How early in life do we begin to understand that we are to not be sloppy; that we are to maintain order and decorum; that silliness and play are not the priorities?

My daughters, now 8 and 10, know these rules and, undoubtedly, unwittingly, have learned them from me. I wonder how I might un-teach those – for them and for me? I can already feel my anxiety mount: I’d have to let go and get drenched even more!
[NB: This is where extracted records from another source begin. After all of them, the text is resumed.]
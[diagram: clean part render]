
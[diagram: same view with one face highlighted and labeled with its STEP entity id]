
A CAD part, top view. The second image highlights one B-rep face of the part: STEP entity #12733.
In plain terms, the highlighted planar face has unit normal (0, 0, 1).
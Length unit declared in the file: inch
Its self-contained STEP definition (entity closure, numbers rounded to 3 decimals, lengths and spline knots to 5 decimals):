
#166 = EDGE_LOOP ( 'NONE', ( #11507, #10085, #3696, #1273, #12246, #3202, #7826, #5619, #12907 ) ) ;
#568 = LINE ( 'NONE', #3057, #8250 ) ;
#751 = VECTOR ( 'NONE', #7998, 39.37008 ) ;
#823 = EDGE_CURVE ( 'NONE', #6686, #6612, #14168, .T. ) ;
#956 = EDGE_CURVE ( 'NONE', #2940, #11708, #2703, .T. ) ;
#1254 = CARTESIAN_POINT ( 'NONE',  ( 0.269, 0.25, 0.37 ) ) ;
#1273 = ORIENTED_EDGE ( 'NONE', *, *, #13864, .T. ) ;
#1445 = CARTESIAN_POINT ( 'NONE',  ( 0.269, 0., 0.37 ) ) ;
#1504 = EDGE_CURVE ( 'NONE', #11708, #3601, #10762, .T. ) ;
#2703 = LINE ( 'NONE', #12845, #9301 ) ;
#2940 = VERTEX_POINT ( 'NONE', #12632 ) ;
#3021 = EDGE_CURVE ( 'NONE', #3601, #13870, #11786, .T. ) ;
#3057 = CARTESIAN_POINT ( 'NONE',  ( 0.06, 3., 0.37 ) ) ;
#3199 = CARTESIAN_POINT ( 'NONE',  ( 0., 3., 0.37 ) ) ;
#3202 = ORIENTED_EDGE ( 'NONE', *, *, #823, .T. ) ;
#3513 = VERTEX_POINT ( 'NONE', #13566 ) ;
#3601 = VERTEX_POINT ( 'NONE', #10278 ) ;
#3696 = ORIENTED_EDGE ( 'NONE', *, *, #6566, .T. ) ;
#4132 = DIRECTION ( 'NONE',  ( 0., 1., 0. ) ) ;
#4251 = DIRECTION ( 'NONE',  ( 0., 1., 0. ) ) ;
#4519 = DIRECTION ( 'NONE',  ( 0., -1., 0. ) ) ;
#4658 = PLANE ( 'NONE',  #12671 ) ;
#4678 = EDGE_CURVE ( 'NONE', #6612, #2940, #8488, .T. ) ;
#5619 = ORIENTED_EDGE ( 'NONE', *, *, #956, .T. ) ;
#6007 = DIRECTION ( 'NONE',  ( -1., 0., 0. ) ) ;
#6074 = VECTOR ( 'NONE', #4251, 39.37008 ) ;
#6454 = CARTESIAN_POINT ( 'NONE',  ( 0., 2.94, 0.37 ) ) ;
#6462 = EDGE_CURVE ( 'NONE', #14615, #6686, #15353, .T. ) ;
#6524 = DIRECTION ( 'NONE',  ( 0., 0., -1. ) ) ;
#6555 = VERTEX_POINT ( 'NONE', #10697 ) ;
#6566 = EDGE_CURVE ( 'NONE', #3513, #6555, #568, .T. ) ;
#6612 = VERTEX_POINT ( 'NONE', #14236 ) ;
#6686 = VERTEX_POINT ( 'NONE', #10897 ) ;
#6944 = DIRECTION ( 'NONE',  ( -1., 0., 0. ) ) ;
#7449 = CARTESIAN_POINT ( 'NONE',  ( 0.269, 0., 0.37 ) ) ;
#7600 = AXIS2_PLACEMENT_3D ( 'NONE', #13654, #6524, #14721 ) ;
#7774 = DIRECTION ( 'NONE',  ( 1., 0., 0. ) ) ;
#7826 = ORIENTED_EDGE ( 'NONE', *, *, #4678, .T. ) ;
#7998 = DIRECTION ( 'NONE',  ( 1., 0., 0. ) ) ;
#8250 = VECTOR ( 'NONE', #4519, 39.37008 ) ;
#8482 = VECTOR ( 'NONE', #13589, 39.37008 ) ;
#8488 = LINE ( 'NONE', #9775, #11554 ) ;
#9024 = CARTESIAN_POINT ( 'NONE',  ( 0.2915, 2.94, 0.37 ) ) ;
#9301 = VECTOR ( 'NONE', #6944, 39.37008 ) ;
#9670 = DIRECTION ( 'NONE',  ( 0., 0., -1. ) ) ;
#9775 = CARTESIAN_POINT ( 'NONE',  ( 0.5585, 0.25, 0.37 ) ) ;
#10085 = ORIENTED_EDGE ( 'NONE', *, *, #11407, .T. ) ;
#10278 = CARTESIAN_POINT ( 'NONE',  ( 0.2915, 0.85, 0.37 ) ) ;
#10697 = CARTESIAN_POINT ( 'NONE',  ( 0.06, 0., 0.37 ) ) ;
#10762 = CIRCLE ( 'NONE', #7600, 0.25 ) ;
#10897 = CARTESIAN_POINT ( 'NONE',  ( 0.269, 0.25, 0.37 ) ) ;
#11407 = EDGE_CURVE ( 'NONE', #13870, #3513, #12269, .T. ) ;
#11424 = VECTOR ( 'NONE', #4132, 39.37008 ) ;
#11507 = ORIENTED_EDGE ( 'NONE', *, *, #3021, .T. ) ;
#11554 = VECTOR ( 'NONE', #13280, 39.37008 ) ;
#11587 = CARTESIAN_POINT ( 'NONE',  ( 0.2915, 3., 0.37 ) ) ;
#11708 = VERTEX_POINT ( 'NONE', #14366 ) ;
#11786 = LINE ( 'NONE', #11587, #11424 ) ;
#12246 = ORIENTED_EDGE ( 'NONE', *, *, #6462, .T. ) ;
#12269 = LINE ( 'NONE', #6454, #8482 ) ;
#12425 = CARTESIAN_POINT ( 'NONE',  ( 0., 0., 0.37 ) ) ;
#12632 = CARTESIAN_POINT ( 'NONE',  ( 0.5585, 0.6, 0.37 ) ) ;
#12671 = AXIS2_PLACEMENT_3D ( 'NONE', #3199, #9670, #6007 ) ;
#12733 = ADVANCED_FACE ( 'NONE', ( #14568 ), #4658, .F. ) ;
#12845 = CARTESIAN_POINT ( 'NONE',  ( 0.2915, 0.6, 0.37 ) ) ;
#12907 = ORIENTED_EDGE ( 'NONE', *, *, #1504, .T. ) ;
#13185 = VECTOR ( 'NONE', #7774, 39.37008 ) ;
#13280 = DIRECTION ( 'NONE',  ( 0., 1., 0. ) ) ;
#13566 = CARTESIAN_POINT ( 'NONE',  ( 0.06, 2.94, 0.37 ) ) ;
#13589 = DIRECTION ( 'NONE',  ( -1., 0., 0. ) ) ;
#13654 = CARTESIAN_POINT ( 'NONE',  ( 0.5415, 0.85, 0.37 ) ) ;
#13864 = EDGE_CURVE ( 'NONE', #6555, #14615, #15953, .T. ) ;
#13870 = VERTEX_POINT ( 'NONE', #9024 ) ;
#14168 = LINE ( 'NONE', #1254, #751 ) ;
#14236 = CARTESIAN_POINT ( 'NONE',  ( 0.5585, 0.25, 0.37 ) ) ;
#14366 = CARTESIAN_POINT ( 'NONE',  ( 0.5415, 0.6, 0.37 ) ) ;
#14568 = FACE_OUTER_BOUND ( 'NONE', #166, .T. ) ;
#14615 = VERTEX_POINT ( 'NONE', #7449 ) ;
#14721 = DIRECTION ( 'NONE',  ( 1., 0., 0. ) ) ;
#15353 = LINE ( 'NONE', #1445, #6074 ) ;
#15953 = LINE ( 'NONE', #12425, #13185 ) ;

My own sense of control (whether real or imagined) is not contained solely within myself. It expands to those over whom I have influence.

In fact, perhaps the more out-of-control I feel, the more I demand it of others. “Clean your room.” “Don’t make a mess.” “Can you please chew over your plate, not the floor?!” “No, we’re not going to turn on the sprinkler. You’d get soaked!” Even typing these examples I can feel their dryness, their rigidity, their grasping for the illusion that my world is working the way I want it to. They are, as Lamott says, our proclivity toward staying dry, looking good, not going under. I need to lose control – of more, and more often!

In the midst of my musings, I’m struck by God’s chosen lack-of-control over us, the absurdity of it, and the freedom it allows and invites.

Truly, I wouldn’t want it any other way.

I need to turn on some sprinklers and get drenched…with my daughters by my side.